● **Aim of the exercise**
Can you print the data exactly and leave out each image?
┌─ Records for the exercise
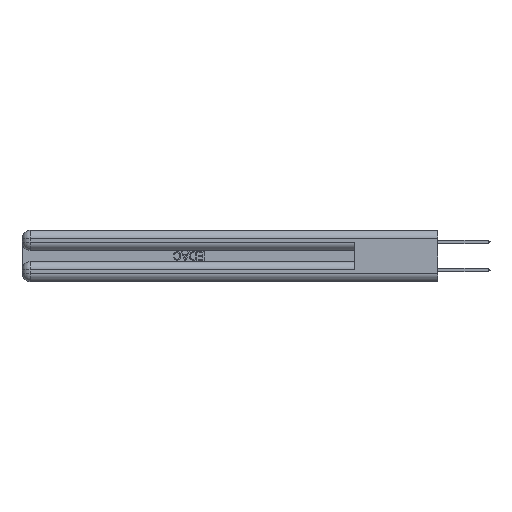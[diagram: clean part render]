
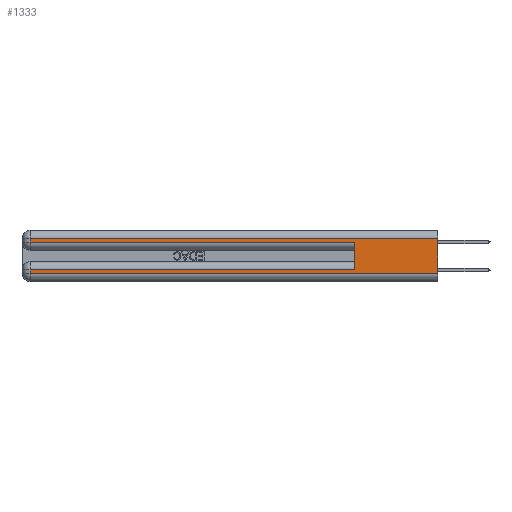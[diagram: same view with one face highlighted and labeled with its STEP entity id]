
A CAD part, left-side view. The second image highlights one B-rep face of the part: STEP entity #1333.
In plain terms, the highlighted planar face has unit normal (-1, 0, 0).
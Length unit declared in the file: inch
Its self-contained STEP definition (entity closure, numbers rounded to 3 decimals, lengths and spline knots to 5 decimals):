
#326 = EDGE_CURVE ( 'NONE', #49297, #41463, #10787, .T. ) ;
#695 = CARTESIAN_POINT ( 'NONE',  ( 0., 0., 0.06 ) ) ;
#1333 = ADVANCED_FACE ( 'NONE', ( #4521 ), #30881, .F. ) ;
#1833 = LINE ( 'NONE', #41169, #4893 ) ;
#1936 = DIRECTION ( 'NONE',  ( 0., 0., 1. ) ) ;
#2367 = DIRECTION ( 'NONE',  ( 0., 0., -1. ) ) ;
#4306 = EDGE_CURVE ( 'NONE', #49297, #23448, #1833, .T. ) ;
#4443 = VECTOR ( 'NONE', #28532, 39.37008 ) ;
#4521 = FACE_OUTER_BOUND ( 'NONE', #50148, .T. ) ;
#4893 = VECTOR ( 'NONE', #1936, 39.37008 ) ;
#5645 = VECTOR ( 'NONE', #44209, 39.37008 ) ;
#5691 = VECTOR ( 'NONE', #2367, 39.37008 ) ;
#6094 = CARTESIAN_POINT ( 'NONE',  ( 0., 2.94, 0.285 ) ) ;
#6390 = VERTEX_POINT ( 'NONE', #32508 ) ;
#6829 = LINE ( 'NONE', #32498, #50667 ) ;
#7199 = DIRECTION ( 'NONE',  ( 1., 0., 0. ) ) ;
#7490 = LINE ( 'NONE', #48410, #22929 ) ;
#7798 = CARTESIAN_POINT ( 'NONE',  ( 0., 0.6, 0.285 ) ) ;
#8044 = CARTESIAN_POINT ( 'NONE',  ( 0., 2.94, 0.31 ) ) ;
#8451 = CARTESIAN_POINT ( 'NONE',  ( 0., 0., 0.285 ) ) ;
#8684 = CARTESIAN_POINT ( 'NONE',  ( 0., 2.94, 0.085 ) ) ;
#9009 = CARTESIAN_POINT ( 'NONE',  ( 0., 0., 0.37 ) ) ;
#10787 = LINE ( 'NONE', #33783, #38646 ) ;
#11224 = ORIENTED_EDGE ( 'NONE', *, *, #41628, .F. ) ;
#13683 = LINE ( 'NONE', #49526, #5691 ) ;
#13787 = EDGE_CURVE ( 'NONE', #41463, #6390, #7490, .T. ) ;
#14357 = VERTEX_POINT ( 'NONE', #35724 ) ;
#14571 = ORIENTED_EDGE ( 'NONE', *, *, #326, .T. ) ;
#17299 = ORIENTED_EDGE ( 'NONE', *, *, #23006, .T. ) ;
#18070 = DIRECTION ( 'NONE',  ( 0., 1., 0. ) ) ;
#20591 = VERTEX_POINT ( 'NONE', #6094 ) ;
#22929 = VECTOR ( 'NONE', #25228, 39.37008 ) ;
#23006 = EDGE_CURVE ( 'NONE', #6390, #34380, #39213, .T. ) ;
#23448 = VERTEX_POINT ( 'NONE', #7798 ) ;
#25052 = DIRECTION ( 'NONE',  ( 0., 1., 0. ) ) ;
#25228 = DIRECTION ( 'NONE',  ( 0., 0., -1. ) ) ;
#26361 = CARTESIAN_POINT ( 'NONE',  ( 0., 0., 0.37 ) ) ;
#27421 = ORIENTED_EDGE ( 'NONE', *, *, #34483, .T. ) ;
#28532 = DIRECTION ( 'NONE',  ( 0., 0., -1. ) ) ;
#29838 = CARTESIAN_POINT ( 'NONE',  ( 0., 0.6, 0.085 ) ) ;
#30425 = LINE ( 'NONE', #9009, #4443 ) ;
#30881 = PLANE ( 'NONE',  #35015 ) ;
#32498 = CARTESIAN_POINT ( 'NONE',  ( 0., 0., 0.31 ) ) ;
#32508 = CARTESIAN_POINT ( 'NONE',  ( 0., 2.94, 0.06 ) ) ;
#33241 = CARTESIAN_POINT ( 'NONE',  ( 0., 0., 0.06 ) ) ;
#33783 = CARTESIAN_POINT ( 'NONE',  ( 0., 0., 0.085 ) ) ;
#34380 = VERTEX_POINT ( 'NONE', #695 ) ;
#34483 = EDGE_CURVE ( 'NONE', #20591, #23448, #43930, .T. ) ;
#35015 = AXIS2_PLACEMENT_3D ( 'NONE', #26361, #7199, #37968 ) ;
#35724 = CARTESIAN_POINT ( 'NONE',  ( 0., 0., 0.31 ) ) ;
#35997 = ORIENTED_EDGE ( 'NONE', *, *, #49267, .T. ) ;
#36086 = VECTOR ( 'NONE', #36884, 39.37008 ) ;
#36884 = DIRECTION ( 'NONE',  ( 0., -1., 0. ) ) ;
#37968 = DIRECTION ( 'NONE',  ( 0., 0., -1. ) ) ;
#38327 = ORIENTED_EDGE ( 'NONE', *, *, #13787, .T. ) ;
#38646 = VECTOR ( 'NONE', #18070, 39.37008 ) ;
#39213 = LINE ( 'NONE', #33241, #36086 ) ;
#40259 = ORIENTED_EDGE ( 'NONE', *, *, #42795, .T. ) ;
#40600 = ORIENTED_EDGE ( 'NONE', *, *, #4306, .F. ) ;
#41169 = CARTESIAN_POINT ( 'NONE',  ( 0., 0.6, 0.145 ) ) ;
#41463 = VERTEX_POINT ( 'NONE', #8684 ) ;
#41628 = EDGE_CURVE ( 'NONE', #14357, #34380, #30425, .T. ) ;
#42795 = EDGE_CURVE ( 'NONE', #14357, #49374, #6829, .T. ) ;
#43930 = LINE ( 'NONE', #8451, #5645 ) ;
#44209 = DIRECTION ( 'NONE',  ( 0., -1., 0. ) ) ;
#48410 = CARTESIAN_POINT ( 'NONE',  ( 0., 2.94, 0.37 ) ) ;
#49267 = EDGE_CURVE ( 'NONE', #49374, #20591, #13683, .T. ) ;
#49297 = VERTEX_POINT ( 'NONE', #29838 ) ;
#49374 = VERTEX_POINT ( 'NONE', #8044 ) ;
#49526 = CARTESIAN_POINT ( 'NONE',  ( 0., 2.94, 0.37 ) ) ;
#50148 = EDGE_LOOP ( 'NONE', ( #11224, #40259, #35997, #27421, #40600, #14571, #38327, #17299 ) ) ;
#50667 = VECTOR ( 'NONE', #25052, 39.37008 ) ;
└─
● **Response for this exercise**
[diagram: clean part render]
[diagram: same view with one face highlighted and labeled with its STEP entity id]
A CAD part, left-side view. The second image highlights one B-rep face of the part: STEP entity #1333.
In plain terms, the highlighted planar face has unit normal (-1, 0, 0).
Length unit declared in the file: inch
Its self-contained STEP definition (entity closure, numbers rounded to 3 decimals, lengths and spline knots to 5 decimals):
#326 = EDGE_CURVE ( 'NONE', #49297, #41463, #10787, .T. ) ;
#695 = CARTESIAN_POINT ( 'NONE',  ( 0., 0., 0.06 ) ) ;
#1333 = ADVANCED_FACE ( 'NONE', ( #4521 ), #30881, .F. ) ;
#1833 = LINE ( 'NONE', #41169, #4893 ) ;
#1936 = DIRECTION ( 'NONE',  ( 0., 0., 1. ) ) ;
#2367 = DIRECTION ( 'NONE',  ( 0., 0., -1. ) ) ;
#4306 = EDGE_CURVE ( 'NONE', #49297, #23448, #1833, .T. ) ;
#4443 = VECTOR ( 'NONE', #28532, 39.37008 ) ;
#4521 = FACE_OUTER_BOUND ( 'NONE', #50148, .T. ) ;
#4893 = VECTOR ( 'NONE', #1936, 39.37008 ) ;
#5645 = VECTOR ( 'NONE', #44209, 39.37008 ) ;
#5691 = VECTOR ( 'NONE', #2367, 39.37008 ) ;
#6094 = CARTESIAN_POINT ( 'NONE',  ( 0., 2.94, 0.285 ) ) ;
#6390 = VERTEX_POINT ( 'NONE', #32508 ) ;
#6829 = LINE ( 'NONE', #32498, #50667 ) ;
#7199 = DIRECTION ( 'NONE',  ( 1., 0., 0. ) ) ;
#7490 = LINE ( 'NONE', #48410, #22929 ) ;
#7798 = CARTESIAN_POINT ( 'NONE',  ( 0., 0.6, 0.285 ) ) ;
#8044 = CARTESIAN_POINT ( 'NONE',  ( 0., 2.94, 0.31 ) ) ;
#8451 = CARTESIAN_POINT ( 'NONE',  ( 0., 0., 0.285 ) ) ;
#8684 = CARTESIAN_POINT ( 'NONE',  ( 0., 2.94, 0.085 ) ) ;
#9009 = CARTESIAN_POINT ( 'NONE',  ( 0., 0., 0.37 ) ) ;
#10787 = LINE ( 'NONE', #33783, #38646 ) ;
#11224 = ORIENTED_EDGE ( 'NONE', *, *, #41628, .F. ) ;
#13683 = LINE ( 'NONE', #49526, #5691 ) ;
#13787 = EDGE_CURVE ( 'NONE', #41463, #6390, #7490, .T. ) ;
#14357 = VERTEX_POINT ( 'NONE', #35724 ) ;
#14571 = ORIENTED_EDGE ( 'NONE', *, *, #326, .T. ) ;
#17299 = ORIENTED_EDGE ( 'NONE', *, *, #23006, .T. ) ;
#18070 = DIRECTION ( 'NONE',  ( 0., 1., 0. ) ) ;
#20591 = VERTEX_POINT ( 'NONE', #6094 ) ;
#22929 = VECTOR ( 'NONE', #25228, 39.37008 ) ;
#23006 = EDGE_CURVE ( 'NONE', #6390, #34380, #39213, .T. ) ;
#23448 = VERTEX_POINT ( 'NONE', #7798 ) ;
#25052 = DIRECTION ( 'NONE',  ( 0., 1., 0. ) ) ;
#25228 = DIRECTION ( 'NONE',  ( 0., 0., -1. ) ) ;
#26361 = CARTESIAN_POINT ( 'NONE',  ( 0., 0., 0.37 ) ) ;
#27421 = ORIENTED_EDGE ( 'NONE', *, *, #34483, .T. ) ;
#28532 = DIRECTION ( 'NONE',  ( 0., 0., -1. ) ) ;
#29838 = CARTESIAN_POINT ( 'NONE',  ( 0., 0.6, 0.085 ) ) ;
#30425 = LINE ( 'NONE', #9009, #4443 ) ;
#30881 = PLANE ( 'NONE',  #35015 ) ;
#32498 = CARTESIAN_POINT ( 'NONE',  ( 0., 0., 0.31 ) ) ;
#32508 = CARTESIAN_POINT ( 'NONE',  ( 0., 2.94, 0.06 ) ) ;
#33241 = CARTESIAN_POINT ( 'NONE',  ( 0., 0., 0.06 ) ) ;
#33783 = CARTESIAN_POINT ( 'NONE',  ( 0., 0., 0.085 ) ) ;
#34380 = VERTEX_POINT ( 'NONE', #695 ) ;
#34483 = EDGE_CURVE ( 'NONE', #20591, #23448, #43930, .T. ) ;
#35015 = AXIS2_PLACEMENT_3D ( 'NONE', #26361, #7199, #37968 ) ;
#35724 = CARTESIAN_POINT ( 'NONE',  ( 0., 0., 0.31 ) ) ;
#35997 = ORIENTED_EDGE ( 'NONE', *, *, #49267, .T. ) ;
#36086 = VECTOR ( 'NONE', #36884, 39.37008 ) ;
#36884 = DIRECTION ( 'NONE',  ( 0., -1., 0. ) ) ;
#37968 = DIRECTION ( 'NONE',  ( 0., 0., -1. ) ) ;
#38327 = ORIENTED_EDGE ( 'NONE', *, *, #13787, .T. ) ;
#38646 = VECTOR ( 'NONE', #18070, 39.37008 ) ;
#39213 = LINE ( 'NONE', #33241, #36086 ) ;
#40259 = ORIENTED_EDGE ( 'NONE', *, *, #42795, .T. ) ;
#40600 = ORIENTED_EDGE ( 'NONE', *, *, #4306, .F. ) ;
#41169 = CARTESIAN_POINT ( 'NONE',  ( 0., 0.6, 0.145 ) ) ;
#41463 = VERTEX_POINT ( 'NONE', #8684 ) ;
#41628 = EDGE_CURVE ( 'NONE', #14357, #34380, #30425, .T. ) ;
#42795 = EDGE_CURVE ( 'NONE', #14357, #49374, #6829, .T. ) ;
#43930 = LINE ( 'NONE', #8451, #5645 ) ;
#44209 = DIRECTION ( 'NONE',  ( 0., -1., 0. ) ) ;
#48410 = CARTESIAN_POINT ( 'NONE',  ( 0., 2.94, 0.37 ) ) ;
#49267 = EDGE_CURVE ( 'NONE', #49374, #20591, #13683, .T. ) ;
#49297 = VERTEX_POINT ( 'NONE', #29838 ) ;
#49374 = VERTEX_POINT ( 'NONE', #8044 ) ;
#49526 = CARTESIAN_POINT ( 'NONE',  ( 0., 2.94, 0.37 ) ) ;
#50148 = EDGE_LOOP ( 'NONE', ( #11224, #40259, #35997, #27421, #40600, #14571, #38327, #17299 ) ) ;
#50667 = VECTOR ( 'NONE', #25052, 39.37008 ) ;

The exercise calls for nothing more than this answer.